The pursuer argued—That the counter issue of the defender must be made to meet the issue of the pursuer. The latter part of their issue was a substantial part of the libel, and the defender's issue must meet it. If there were different parts of a libel, it was quite competent to prove justification of one part and not another, but here there was only one libellous statement— Torrance v. Weddel, December 12, 1868, 7 Macph. 243; M'Iver v. M'Neill, June 28, 1873, 11 Macph. 777; Bertram v. Pace, March 7, 1885, 12 R. 798; Ogilvie v. Paul, &c., June 28, 1873, 11 Macph. 776.

At advising—

Lord President—I think these words should be added to the counter issue for the defender Reid.

Lord Mure—I think the defender Reid must prove the allegation contained in these words as part of his defence, and I do not think there is any hardship in requiring him to do so, because if a person is distinctly proved not to pay his racing debts, one may be entitled to infer from that that he is not a person to be allowed to remain in the ring. I accordingly do not see any harm in the addition of these words, and think they should be inserted.

Lord Shand—I agree with Lord Mure that there is no need to add these words. If the defender makes out the first part of his counter issue, he substantially meets the issue for the pursuer. But I am in the same condition of mind as Lord Mure, and see no harm in the addition of these words.

Page: 636

Lord Adam—The concluding words of the pursuer's issue form, I think, a substantial part of the libel, and if there is to be a counter issue, it must be made to meet that issue, and must include these words.
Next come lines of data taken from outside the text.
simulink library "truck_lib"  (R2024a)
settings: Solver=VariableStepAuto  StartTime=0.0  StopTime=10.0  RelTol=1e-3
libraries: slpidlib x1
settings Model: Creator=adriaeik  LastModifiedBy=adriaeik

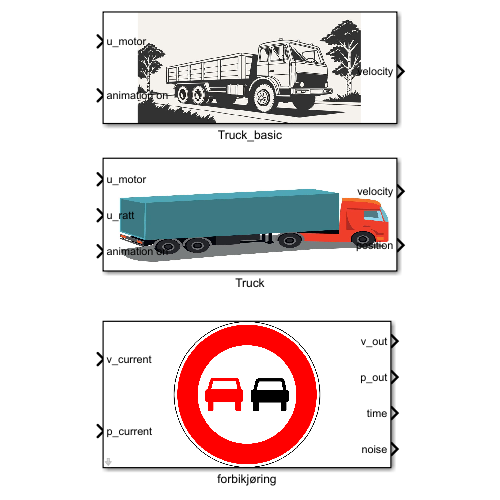
[thumbnail: Simulink's stored preview of the top-level diagram]
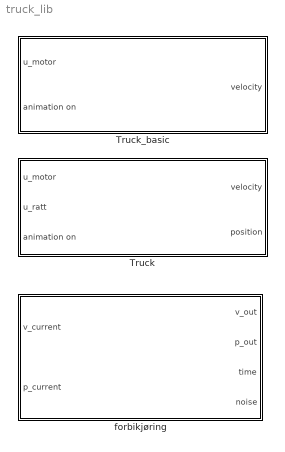
== system truck_lib ==
  Truck : Subsystem
      mask Display: image('truck_turn.png');
  Truck_basic : Subsystem
      mask Display: image('truck.png', [0,0,0,0,80,100]);
  forbikjøring : Subsystem  mask{speedlimit=15, wrooooom=25}
      mask Display: image('forbi.png', [0,0,0,0,80,100]);

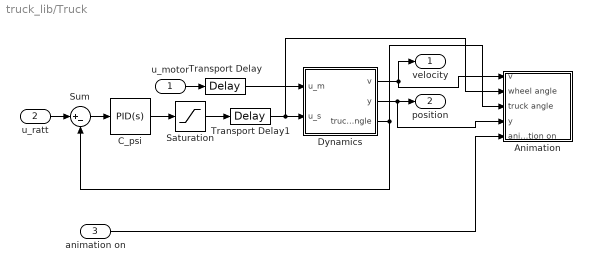
== system truck_lib/Truck ==
  u_motor : Inport
  u_ratt : Inport  Port=2
  animation on : Inport  Port=3
  Animation : Subsystem
  C_psi : slpidlib/PID Controller  Controller=PID  Form=Parallel  TimeDomain=Continuous-time  UseExternalTs=off  SampleTime=-1  IntegratorMethod=Forward Euler  FilterMethod=Forward Euler  ControllerParametersSource=internal  P=1  I=1  UseKiTs=off  D=0  UseExternalDerivativeSource=off  N=100  UseFilter=on  TunerSelectOption=Transfer Function Based (PID Tuner App)  InitialConditionSource=internal  InitialConditionForIntegrator=0  InitialConditionForFilter=0  DifferentiatorICPrevScaledInput=0  ExternalReset=none  TrackingMode=off  Kt=1  LimitOutput=off  SatLimitsSource=internal  UpperSaturationLimit=inf  LowerSaturationLimit=-inf  LinearizeAsGain=on  AntiWindupMode=none  Kb=1  LimitIntegrator=off  UpperIntegratorSaturationLimit=inf  LowerIntegratorSaturationLimit=-inf  POutMin=[]  POutMax=[]  IOutMin=[]  IOutMax=[]  DOutMin=[]  DOutMax=[]  NOutMin=[]  NOutMax=[]  SumOutMin=[]  SumOutMax=[]  SaturationOutMin=[]  SaturationOutMax=[]  PParamMin=[]  PParamMax=[]  IParamMin=[]  IParamMax=[]  DParamMin=[]  DParamMax=[]  NParamMin=[]  NParamMax=[]  KbParamMin=[]  KbParamMax=[]  KtParamMin=[]  KtParamMax=[]  KbOutMin=[]  KbOutMax=[]  KtOutMin=[]  KtOutMax=[]  IntegratorOutMin=[]  IntegratorOutMax=[]  FilterOutMin=[]  FilterOutMax=[]  SumI1OutMin=[]  SumI1OutMax=[]  SumI2OutMin=[]  SumI2OutMax=[]  SumI3OutMin=[]  SumI3OutMax=[]  SumI4OutMin=[]  SumI4OutMax=[]  SumDOutMin=[]  SumDOutMax=[]  DifferentiatorOutMin=[]  DifferentiatorOutMax=[]  FilterDiffOutCoefMin=[]  FilterDiffOutCoefMax=[]  ReciprocalOutMin=[]  ReciprocalOutMax=[]  SumDenOutMin=[]  SumDenOutMax=[]  SumNumOutMin=[]  SumNumOutMax=[]  DivideOutMin=[]  DivideOutMax=[]  UdiffTsProdOutMin=[]  UdiffTsProdOutMax=[]  NTsProdOutMin=[]  NTsProdOutMax=[]  UintegralTsProdOutMin=[]  UintegralTsProdOutMax=[]  UngainTsProdOutMin=[]  UngainTsProdOutMax=[]  ClampingZeroOutDataTypeStr=Inherit: Inherit via back propagation  ClampingZeroOutMin=[]  ClampingZeroOutMax=[]  FilterDenConstantOutDataTypeStr=Inherit: Inherit via back propagation  FilterDenConstantOutMin=[]  FilterDenConstantOutMax=[]  PCopyOutDataTypeStr=Inherit: Inherit via back propagation  PCopyOutMin=[]  PCopyOutMax=[]  NCopyOutDataTypeStr=Inherit: Inherit via back propagation  NCopyOutMin=[]  NCopyOutMax=[]  IntegratorContinuousStateAttributes=''  IntegratorStateMustResolveToSignalObject=off  IntegratorRTWStateStorageClass=Auto  FilterContinuousStateAttributes=''  FilterStateMustResolveToSignalObject=off  FilterRTWStateStorageClass=Auto  ParallelPVariant=InternalParameters  IdealPVariant=Disabled  IVariant=InternalParameters  DVariant=InternalParameters  IntegratorVariant=Continuous  SatVariant=Disabled  AWVariant=Passthrough  PCopyVariant=Disabled  TRVariant=Disabled  FdbkBlocksVariant=Forward  IdealPFdbkVariant=Disabled  SatFdbkVariant=Disabled  DerivativeFilterVariant=ContFilter  NVariant=InternalParameters  NCopyVariant=Disabled  FilterICVariant=InternalICsFilter  IntegratorICVariant=InternalICs  ExternalResetVariant=Disabled  TRSumVariant=Passthrough  SumFdbkVariant=Disabled  SumVariant=Sum_PID  TsampFilterVariant=InternalTs  TsampNgainVariant=Passthrough  TsampIntegralVariant=Disabled_SignalSpec  ExternalSaturationOutDataTypeStr=Inherit: Same as second input  DerivativeSourceVariant=ErrorSignal
  Dynamics : Subsystem  ClipboardFcn=parameters_truck.m
  Saturation : Saturate  UpperLimit=pi/4  LowerLimit=-pi/4
  Sum : Sum  Inputs=|+-
  Transport Delay : TransportDelay
  Transport Delay1 : TransportDelay  DelayTime=0.05
  velocity : Outport
  position : Outport  Port=2
  wires:
  Dynamics/2(y) -> position/1, Animation/4(y)
  u_ratt/1 -> Sum/1
  u_motor/1 -> Transport Delay/1
  Dynamics/3(truck angle) -> Sum/2, Animation/3(truck angle)
  Transport Delay1/1 -> Animation/2(wheel angle), Dynamics/2(u_s)
  Dynamics/1(v) -> velocity/1, Animation/1(v)
  C_psi/1 -> Saturation/1
  Sum/1 -> C_psi/1
  animation on/1 -> Animation/5(animation on)
  Transport Delay/1 -> Dynamics/1(u_m)
  Saturation/1 -> Transport Delay1/1

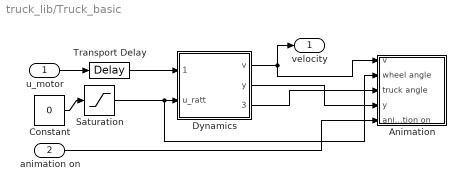
== system truck_lib/Truck_basic ==
  u_motor : Inport
  animation on : Inport  Port=2
  Animation : Subsystem
  Constant : Constant  Value=0
  Dynamics : Subsystem  ClipboardFcn=parameters_truck.m
  Saturation : Saturate  UpperLimit=pi/4  LowerLimit=-pi/4
  Transport Delay : TransportDelay
  velocity : Outport
  wires:
  Dynamics/2(y) -> Animation/4(y)
  Constant/1 -> Saturation/1
  u_motor/1 -> Transport Delay/1
  Dynamics/3(truck angle) -> Animation/3(truck angle)
  Saturation/1 -> Animation/2(wheel angle), Dynamics/2(u_ratt)
  Dynamics/1(v) -> velocity/1, Animation/1(v)
  animation on/1 -> Animation/5(animation on)
  Transport Delay/1 -> Dynamics/1(u_motor)

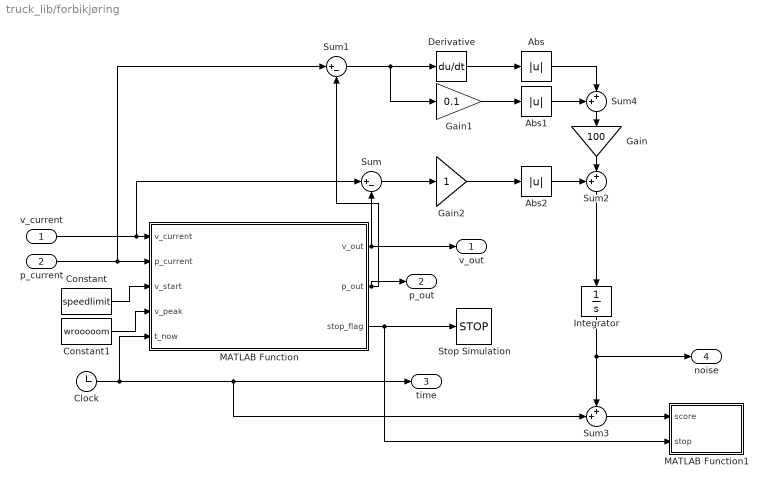
== system truck_lib/forbikjøring ==
  v_current : Inport
  p_current : Inport  Port=2
  Abs : Abs  SaturateOnIntegerOverflow=off
  Abs1 : Abs  SaturateOnIntegerOverflow=off
  Abs2 : Abs  SaturateOnIntegerOverflow=off
  Clock : Clock
  Constant : Constant  Value=speedlimit
  Constant1 : Constant  Value=wrooooom
  Derivative : Derivative
  Gain : Gain  Gain=100
  Gain1 : Gain  Gain=0.1
  Gain2 : Gain
  Integrator : Integrator
  MATLAB Function : MATLAB Function  TreatAsAtomicUnit=on
  MATLAB Function1 : MATLAB Function  TreatAsAtomicUnit=on
  Stop Simulation : Stop
  Sum : Sum  Inputs=|+-
  Sum1 : Sum  Inputs=|+-
  Sum2 : Sum  Inputs=++|
  Sum3 : Sum  Inputs=++|
  Sum4 : Sum  Inputs=++|
  v_out : Outport
  p_out : Outport  Port=2
  time : Outport  Port=3
  noise : Outport  Port=4
  wires:
  MATLAB Function/3(stop_flag) -> Stop Simulation/1, MATLAB Function1/2(stop)
  v_current/1 -> MATLAB Function/1(v_current), Sum/1
  MATLAB Function/1(v_out) -> Sum/2, v_out/1
  Clock/1 -> MATLAB Function/5(t_now), Sum3/2, time/1
  Constant/1 -> MATLAB Function/3(v_start)
  Constant1/1 -> MATLAB Function/4(v_peak)
  Sum1/1 -> Gain1/1, Derivative/1
  p_current/1 -> Sum1/1, MATLAB Function/2(p_current)
  MATLAB Function/2(p_out) -> Sum1/2, p_out/1
  Sum3/1 -> MATLAB Function1/1(score)
  Gain/1 -> Sum2/2
  Integrator/1 -> noise/1, Sum3/1
  Sum/1 -> Gain2/1
  Sum4/1 -> Gain/1
  Abs/1 -> Sum4/2
  Derivative/1 -> Abs/1
  Gain1/1 -> Abs1/1
  Abs1/1 -> Sum4/1
  Sum2/1 -> Integrator/1
  Gain2/1 -> Abs2/1
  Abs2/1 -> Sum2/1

The Court approved of the following issues for the trial of the cause—“(1) Whether, on or about 5th October 1888, within the ring or paddock of the ‘Lothians Racing Club and Edinburgh Meeting’ at Musselburgh, the defender Cosmo Reid, in the presence and hearing of Augustus Francis Meredith Powell, medical student, Edinburgh, and Walter Sprott, of Edinburgh Police Force, and others, falsely and calumniously said of and concerning the pursuer, ‘This is the man who owes me money,’ or used words of similiar import, meaning thereby that the pursuer was owing him money on betting transactions which he dishonourably refused to pay, and was a person who ought not to be allowed to remain in the said ring or paddock, to the loss, injury, and damage of the pursuer?—Damages laid at £2000. Or whether the pursuer was owing the defender money on betting transactions which he dishonourably refused to pay, and was a person who ought not to be allowed to remain in the said ring or pad—dock? (2) Whether, on or about 5th October 1888, the defender Cosmo Reid wrongfully expelled the pursuer, or caused him to be expelled, from the ring or paddock of the ‘Lothians Racing Club and Edinburgh Meeting’ at Musselburgh, to the loss, injury, and damage of the pursuer?—Damages laid at £5000. (3) Whether, on or about 5th October 1888, the defenders, the Lothians Racing Club, wrongfully expelled the pursuer, or caused him to be expelled, from the ring or paddock of the ‘Lothians Racing Club and Edinburgh Meeting’ at Musselburgh, to the loss, injury, and damage of the pursuer?—Damages laid at £5000.”

Counsel:

Counsel for the Pursuer— Graham Murray— Wilson. Agent— A. W. Gordon, Solicitor.

Counsel for the Defenders, the Lothians Racing Club— Comrie Thomson— H. Johnston. Agents— Gillespie & Paterson, W.S.

Counsel for the Defender Reid— M'Kechnie— Sym. Agent— D. Hill Murray, S.S.C.